A Michigan congressman is pushing a bill that would empower the Federal Trade Commission to impose fines on Web site operators if they fail to take down personal information posted on their sites.
Rep. Thaddeus McCotter (R-MI) has introduced the “Cyber Privacy Act” (HR 5108) in response to incidents of harassment and cybercrime resulting from the posting of phone numbers, email addresses, and even Social Security numbers online without the individuals’ consent.
Jim Harper, director of Information Policy Studies at the Cato Institute in Washington, DC, says, “McCotter’s plan to regulate Internet communications in this way is no “Cyber Privacy” act.”
‘Personal Copyright Protection’
McCotter’s bill defines “personal information” as “any information about an individual that includes, at minimum, the individual’s name together with either a telephone number of such individual or an address of such individual.”
In essence, however, claims Faffi Moazzam, an attorney with Moazzam & Associates in McLean, Virginia, this bill would ensconce into law a notion of “personal copyright protection.” And while that might sound like a good idea on the surface, he says, the concept is troubling upon further examination.
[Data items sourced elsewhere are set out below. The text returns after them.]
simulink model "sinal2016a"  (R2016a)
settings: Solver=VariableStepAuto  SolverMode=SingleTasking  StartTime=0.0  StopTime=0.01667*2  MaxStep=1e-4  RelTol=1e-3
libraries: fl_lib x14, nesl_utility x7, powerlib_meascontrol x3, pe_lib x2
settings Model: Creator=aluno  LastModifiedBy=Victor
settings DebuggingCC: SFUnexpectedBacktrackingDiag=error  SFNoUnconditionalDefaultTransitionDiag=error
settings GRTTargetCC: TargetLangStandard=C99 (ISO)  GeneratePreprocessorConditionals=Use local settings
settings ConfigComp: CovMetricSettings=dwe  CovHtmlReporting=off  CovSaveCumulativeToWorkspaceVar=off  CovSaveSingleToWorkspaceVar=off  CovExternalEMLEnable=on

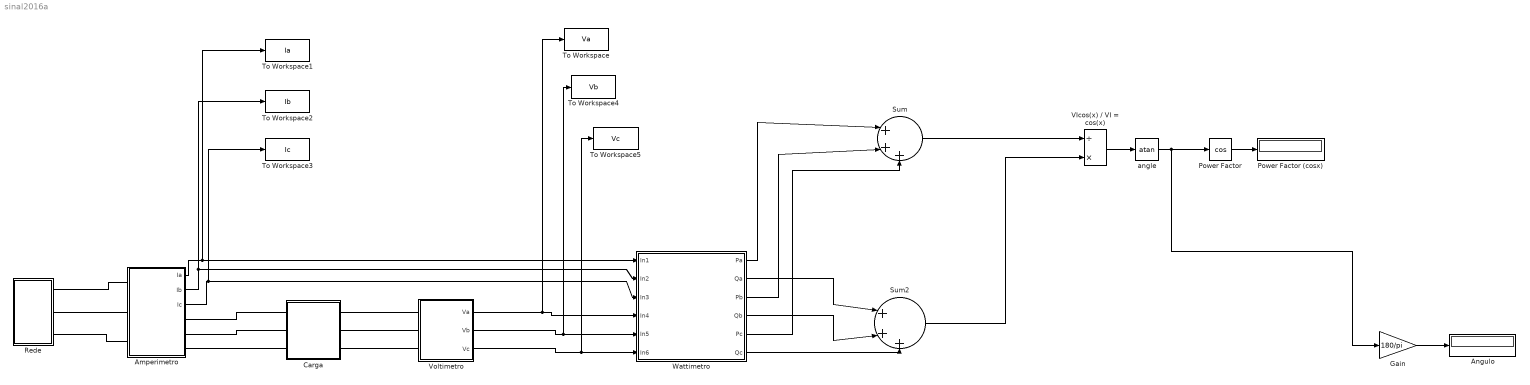
== system sinal2016a ==
  Amperimetro : Subsystem
  Angulo : Display
  Carga : Subsystem
  Gain : Gain  Gain=180/pi
  Power Factor : Trigonometry  Operator=cos  OutputSignalType=real
  Power Factor (cosx) : Display
  "Rede " : Subsystem
  Sum : Sum  Inputs=|+++
  Sum2 : Sum  Inputs=|+++
  To Workspace : ToWorkspace  VariableName=Va  SampleTime=1/18000
  To Workspace1 : ToWorkspace  VariableName=Ia  SampleTime=1/18000
  To Workspace2 : ToWorkspace  VariableName=Ib  SampleTime=1/18000
  To Workspace3 : ToWorkspace  VariableName=Ic  SampleTime=1/18000
  To Workspace4 : ToWorkspace  VariableName=Vb  SampleTime=1/18000
  To Workspace5 : ToWorkspace  VariableName=Vc  SampleTime=1/18000
  VIcos(x) / VI = cos(x) : Product  Inputs=/*
  Voltimetro : Subsystem
  Wattimetro : Subsystem
  angle : Trigonometry  Operator=atan  OutputSignalType=real
  wires:
  Gain/1 -> Angulo/1
  angle/1 -> Gain/1, Power Factor/1
  Power Factor/1 -> Power Factor (cosx)/1
  VIcos(x) / VI = cos(x)/1 -> angle/1
  Amperimetro/1(Ia) -> To Workspace1/1, Wattimetro/1(In1)
  Amperimetro/2("Ib ") -> To Workspace2/1, Wattimetro/2(In2)
  Amperimetro/3(Ic) -> To Workspace3/1, Wattimetro/3(In3)
  Voltimetro/1(Va) -> Wattimetro/4(In4), To Workspace/1
  Voltimetro/2(Vb) -> To Workspace4/1, Wattimetro/5(In5)
  Voltimetro/3(Vc) -> To Workspace5/1, Wattimetro/6(In6)
  Wattimetro/1(Pa) -> Sum/1
  Wattimetro/3(Pb) -> Sum/2
  Wattimetro/5(Pc) -> Sum/3
  Sum/1 -> VIcos(x) / VI = cos(x)/1
  Wattimetro/2(Qa) -> Sum2/1
  Wattimetro/4(Qb) -> Sum2/2
  Wattimetro/6(Qc) -> Sum2/3
  Sum2/1 -> VIcos(x) / VI = cos(x)/2
  connections:
  Carga/LConn1 -- Amperimetro/RConn1
  Amperimetro/LConn1 -- "Rede "/RConn1
  Carga/LConn2 -- Amperimetro/RConn2
  Amperimetro/LConn2 -- "Rede "/RConn2
  Amperimetro/LConn3 -- "Rede "/RConn3
  Carga/LConn3 -- Amperimetro/RConn3
  Voltimetro/LConn1 -- Carga/RConn1
  Voltimetro/LConn2 -- Carga/RConn2
  Voltimetro/LConn3 -- Carga/RConn3

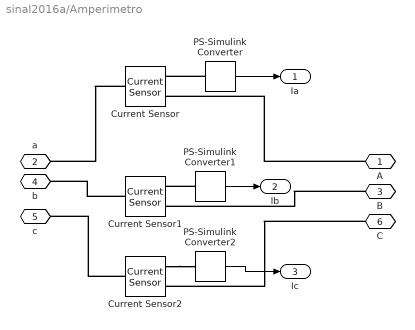
== system sinal2016a/Amperimetro ==
  Current Sensor : fl_lib/Electrical/Electrical Sensors/Current Sensor
  Current Sensor1 : fl_lib/Electrical/Electrical Sensors/Current Sensor
  Current Sensor2 : fl_lib/Electrical/Electrical Sensors/Current Sensor
  PS-Simulink Converter : nesl_utility/PS-Simulink Converter  PhysicalDomain=network_engine_domain  SubClassName=ps_output  LeftPortType=input  RightPortType=output  PseudoPeriodic=off  Frequencies=[]  Unit=A  AffineConversion=off
  PS-Simulink Converter1 : nesl_utility/PS-Simulink Converter  PhysicalDomain=network_engine_domain  SubClassName=ps_output  LeftPortType=input  RightPortType=output  PseudoPeriodic=off  Frequencies=[]  Unit=A  AffineConversion=off
  PS-Simulink Converter2 : nesl_utility/PS-Simulink Converter  PhysicalDomain=network_engine_domain  SubClassName=ps_output  LeftPortType=input  RightPortType=output  PseudoPeriodic=off  Frequencies=[]  Unit=A  AffineConversion=off
  "A " : PMIOPort  Port=1  Side=Right
  a : PMIOPort  Port=2  Side=Left
  B : PMIOPort  Port=3  Side=Right
  b : PMIOPort  Port=4  Side=Left
  c : PMIOPort  Port=5  Side=Left
  C : PMIOPort  Port=6  Side=Right
  Ia : Outport
  "Ib " : Outport  Port=2
  Ic : Outport  Port=3
  wires:
  PS-Simulink Converter/1 -> Ia/1
  PS-Simulink Converter1/1 -> "Ib "/1
  PS-Simulink Converter2/1 -> Ic/1
  connections:
  Current Sensor2/LConn1 -- c/RConn1
  Current Sensor/LConn1 -- a/RConn1
  Current Sensor2/RConn1 -- PS-Simulink Converter2/LConn1
  PS-Simulink Converter1/LConn1 -- Current Sensor1/RConn1
  Current Sensor1/LConn1 -- b/RConn1
  B/RConn1 -- Current Sensor1/RConn2
  "A "/RConn1 -- Current Sensor/RConn2
  C/RConn1 -- Current Sensor2/RConn2
  PS-Simulink Converter/LConn1 -- Current Sensor/RConn1

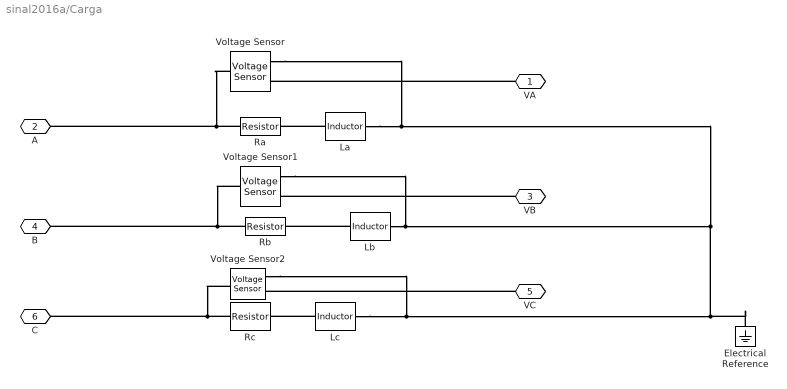
== system sinal2016a/Carga ==
  Electrical Reference : fl_lib/Electrical/Electrical Elements/Electrical Reference
  La : fl_lib/Electrical/Electrical Elements/Inductor  l=10 mH  r=0 Ohm  g=1e-9 1/Ohm  i_specify=off  i_priority=None  i=0 A  i_nominal_specify=off  i_nominal_unit=A  i_nominal_value=1  v_specify=off  v_priority=None  v=0 V  v_nominal_specify=off  v_nominal_unit=V  v_nominal_value=1  i_L_specify=off  i_L_priority=High  i_L=0 A  i_L_nominal_specify=off  i_L_nominal_unit=A  i_L_nominal_value=1
  Lb : fl_lib/Electrical/Electrical Elements/Inductor  l=10 mH  r=0 Ohm  g=1e-9 1/Ohm  i_specify=off  i_priority=None  i=0 A  i_nominal_specify=off  i_nominal_unit=A  i_nominal_value=1  v_specify=off  v_priority=None  v=0 V  v_nominal_specify=off  v_nominal_unit=V  v_nominal_value=1  i_L_specify=off  i_L_priority=High  i_L=0 A  i_L_nominal_specify=off  i_L_nominal_unit=A  i_L_nominal_value=1
  Lc : fl_lib/Electrical/Electrical Elements/Inductor  l=10 mH  r=0 Ohm  g=1e-9 1/Ohm  i_specify=off  i_priority=None  i=0 A  i_nominal_specify=off  i_nominal_unit=A  i_nominal_value=1  v_specify=off  v_priority=None  v=0 V  v_nominal_specify=off  v_nominal_unit=V  v_nominal_value=1  i_L_specify=off  i_L_priority=High  i_L=0 A  i_L_nominal_specify=off  i_L_nominal_unit=A  i_L_nominal_value=1
  Ra : fl_lib/Electrical/Electrical Elements/Resistor  R=50 Ohm  i_specify=off  i_priority=None  i=21.03000386556 A  i_nominal_specify=off  i_nominal_unit=A  i_nominal_value=12.695145924886  v_specify=off  v_priority=None  v=0 V  v_nominal_specify=off  v_nominal_unit=V  v_nominal_value=1
  Rb : fl_lib/Electrical/Electrical Elements/Resistor  R=50 Ohm  i_specify=off  i_priority=None  i=0 A  i_nominal_specify=off  i_nominal_unit=A  i_nominal_value=1  v_specify=off  v_priority=None  v=0 V  v_nominal_specify=off  v_nominal_unit=V  v_nominal_value=1
  Rc : fl_lib/Electrical/Electrical Elements/Resistor  R=50 Ohm  i_specify=off  i_priority=None  i=0 A  i_nominal_specify=off  i_nominal_unit=A  i_nominal_value=1  v_specify=off  v_priority=None  v=0 V  v_nominal_specify=off  v_nominal_unit=V  v_nominal_value=1
  Voltage Sensor : fl_lib/Electrical/Electrical Sensors/Voltage Sensor
  Voltage Sensor1 : fl_lib/Electrical/Electrical Sensors/Voltage Sensor
  Voltage Sensor2 : fl_lib/Electrical/Electrical Sensors/Voltage Sensor
  VA : PMIOPort  Port=1  Side=Right
  A : PMIOPort  Port=2  Side=Left
  VB : PMIOPort  Port=3  Side=Right
  B : PMIOPort  Port=4  Side=Left
  VC : PMIOPort  Port=5  Side=Right
  C : PMIOPort  Port=6  Side=Left
  connections:
  VC/RConn1 -- Voltage Sensor2/RConn1
  Electrical Reference/LConn1 -- Lc/RConn1 -- Voltage Sensor2/RConn2 -- Lb/RConn1 -- Voltage Sensor1/RConn2 -- La/RConn1 -- Voltage Sensor/RConn2
  VB/RConn1 -- Voltage Sensor1/RConn1
  Ra/LConn1 -- Voltage Sensor/LConn1 -- A/RConn1
  Rc/LConn1 -- Voltage Sensor2/LConn1 -- C/RConn1
  Rb/LConn1 -- Voltage Sensor1/LConn1 -- B/RConn1
  VA/RConn1 -- Voltage Sensor/RConn1
  La/LConn1 -- Ra/RConn1
  Lb/LConn1 -- Rb/RConn1
  Lc/LConn1 -- Rc/RConn1

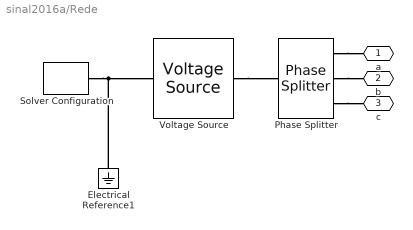
== system sinal2016a/Rede  ==
  Electrical Reference1 : fl_lib/Electrical/Electrical Elements/Electrical Reference
  Phase Splitter : pe_lib/Connections/Phase Splitter
  Solver Configuration : nesl_utility/Solver Configuration  PhysicalDomain=network_engine_domain  SubClassName=solver  LeftPortType=input  RightPortType=generic  Accelerate=off  Tones=[]  Harmonics=[]  SimulateNoise=off  Profile=off  UseLocalSampling=off  EnableSwitchedLinearOptims=on  FrequencyDomain=off  UseCCode=off  RelTol=0.001  AbsTol=1e-06  MinStep=1e-09  ToWorkspace=off  RevertToSquareIcSolve=off  NumHomotopyIterations=100  PhasorMode=off  PhasorModeNumHarmonics=1  OverrideAbsTol=off  DoDC=off  ResidualTolerance=1e-09  UseLocalSolver=on  LocalSolverChoice=NE_BACKWARD_EULER_ADVANCER  LocalSolverSampleTime=1/18000  DoFixedCost=on  MaxNonlinIter=3  MaxModeIter=2  LinearAlgebra=Sparse  DelaysMemoryBudget=1024  AutomaticFiltering=on  FilteringTimeConstant=0.001
  Voltage Source : pe_lib/Sources/Voltage Source  vline_rms=sqrt(3) * 220 / sqrt(2) V  shift=0 deg  freq=60 Hz  harmonic_option=1  harmonic_orders=[3.0, 5.0, 7.0, 9.0, 11.0, 13.0]  harmonic_ratios=[0.003, 0.01, 0.002, 0.01, 0.03, 0.01]
  a : PMIOPort  Port=1  Side=Right
  b : PMIOPort  Port=2  Side=Right
  c : PMIOPort  Port=3  Side=Right
  connections:
  Voltage Source/RConn1 -- Phase Splitter/LConn1
  Phase Splitter/RConn2 -- b/RConn1
  Phase Splitter/RConn3 -- c/RConn1
  Phase Splitter/RConn1 -- a/RConn1
  Solver Configuration/RConn1 -- Voltage Source/LConn1 -- Electrical Reference1/LConn1

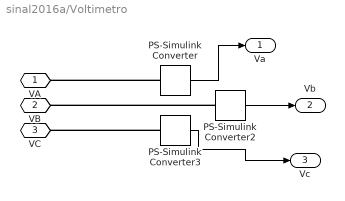
== system sinal2016a/Voltimetro ==
  PS-Simulink Converter : nesl_utility/PS-Simulink Converter  PhysicalDomain=network_engine_domain  SubClassName=ps_output  LeftPortType=input  RightPortType=output  PseudoPeriodic=off  Frequencies=[]  Unit=V  AffineConversion=off
  PS-Simulink Converter2 : nesl_utility/PS-Simulink Converter  PhysicalDomain=network_engine_domain  SubClassName=ps_output  LeftPortType=input  RightPortType=output  PseudoPeriodic=off  Frequencies=[]  Unit=V  AffineConversion=off
  PS-Simulink Converter3 : nesl_utility/PS-Simulink Converter  PhysicalDomain=network_engine_domain  SubClassName=ps_output  LeftPortType=input  RightPortType=output  PseudoPeriodic=off  Frequencies=[]  Unit=V  AffineConversion=off
  VA : PMIOPort  Port=1  Side=Left
  VB : PMIOPort  Port=2  Side=Left
  VC : PMIOPort  Port=3  Side=Left
  Va : Outport
  Vb : Outport  Port=2
  Vc : Outport  Port=3
  wires:
  PS-Simulink Converter3/1 -> Vc/1
  PS-Simulink Converter2/1 -> Vb/1
  PS-Simulink Converter/1 -> Va/1
  connections:
  PS-Simulink Converter2/LConn1 -- VB/RConn1
  PS-Simulink Converter/LConn1 -- VA/RConn1
  PS-Simulink Converter3/LConn1 -- VC/RConn1

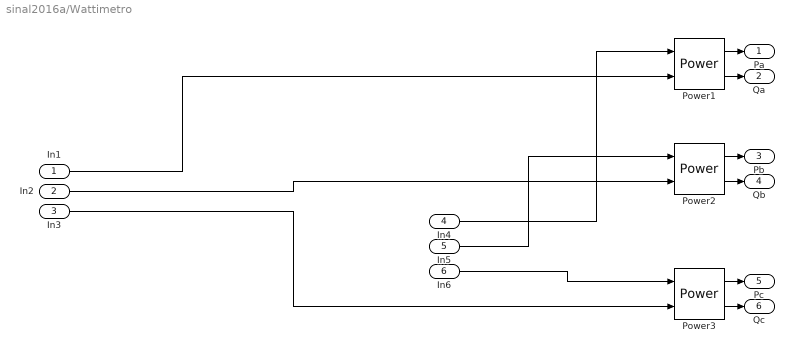
== system sinal2016a/Wattimetro ==
  In1 : Inport
  In2 : Inport  Port=2
  In3 : Inport  Port=3
  In4 : Inport  Port=4
  In5 : Inport  Port=5
  In6 : Inport  Port=6
  Power1 : powerlib_meascontrol/Measurements/Power  Freq=60  Vinit=[1, 0]  Iinit=[1, 0]  Ts=1/18000
  Power2 : powerlib_meascontrol/Measurements/Power  Freq=60  Vinit=[1, 0]  Iinit=[1, 0]  Ts=1/18000
  Power3 : powerlib_meascontrol/Measurements/Power  Freq=60  Vinit=[1, 0]  Iinit=[1, 0]  Ts=1/18000
  Pa : Outport
  Qa : Outport  Port=2
  Pb : Outport  Port=3
  Qb : Outport  Port=4
  Pc : Outport  Port=5
  Qc : Outport  Port=6
  wires:
  In4/1 -> Power1/1
  Power2/1 -> Pb/1
  Power1/2 -> Qa/1
  Power1/1 -> Pa/1
  Power3/1 -> Pc/1
  Power2/2 -> Qb/1
  Power3/2 -> Qc/1
  In6/1 -> Power3/1
  In2/1 -> Power2/2
  In1/1 -> Power1/2
  In3/1 -> Power3/2
  In5/1 -> Power2/1

“The language of this bill is amazingly overreaching,” Moazzam said. “Although its aim is likely intended to provide some sense of privacy to those who do not wish their information to become publicly accessible, it completely misses the point that such information may be obtained from public records.”
Mozzam sees the bill as impeding questioning of government, media, and big business.
“Will the right to challenge, say, members of Congress, members of the media, or powerful corporate executives be nearly impossible if watchdog groups cannot provide such contact information for a letter writing or calling campaign? It appears so under this bill,” he said.
Webmasters Beware
Harper says this bill would “regulate every Internet site that has a comment section,” putting an enormous monitoring burden on everyone who runs a blog. It would take just a single comment, out of many hundred in a day, to put a Webmaster afoul of the law.
“Let’s say you run a site that receives hundreds or thousands of comments per day, many of them from anonymous visitors,” Harper said. “Let’s say the site deals with controversial issues, and some visitors are angry at each other—they’re even angry at the site for hosting the discussion.”
Attack of the Trolls
“Those visitors start working to undermine the conversation,” Harper added. “They personally attack others, adopt false names, tell lies, and use vulgarities. This kind of person is well-known on the Web. They’re called ‘trolls.’
“What would trolls do if federal law required webmasters to take down personal information by request?” Harper asked. “Simple: They would post the personal information of others. They would [then] pose as [those] others and falsely ask to have information taken down.
“It’s a great way to attack a site: require it to consider hundreds or thousands of personal information take-down requests, each one backed by the threat of federal penalties,” he added.
Beyond FTC Authority
Moazzam says McCotter’s bill would “extend beyond the powers” given to the FTC. Essentially, the agency would have the power to punish those who share information one could find in a phone book.
“It would be wholly unclear what portion of that agency’s mission would involve the protection of an individual’s basic factual information which is publicly accessible,” Moazzam said.
“Any proposed new role for the FTC in this regard would likely be challenged [in court as violating] the Administrative Procedure Act and other established statutes which ensure that individual government agencies do not overextend their statutory powers,” he added.
Increasing Internet Surveillance
Harper says McCotter’s bill is nothing less than “a proposal to increase Internet surveillance.
“Maybe he intends to improve Internet courtesy and decency, but decency is not a federal government project,” Harper said. “It’s bottom-up, not top-down.
“McCotter’s thinks [his bill] is going to protect privacy, but he’s sorely mistaken,” he added. “Its passage would undermine privacy and limit free speech.”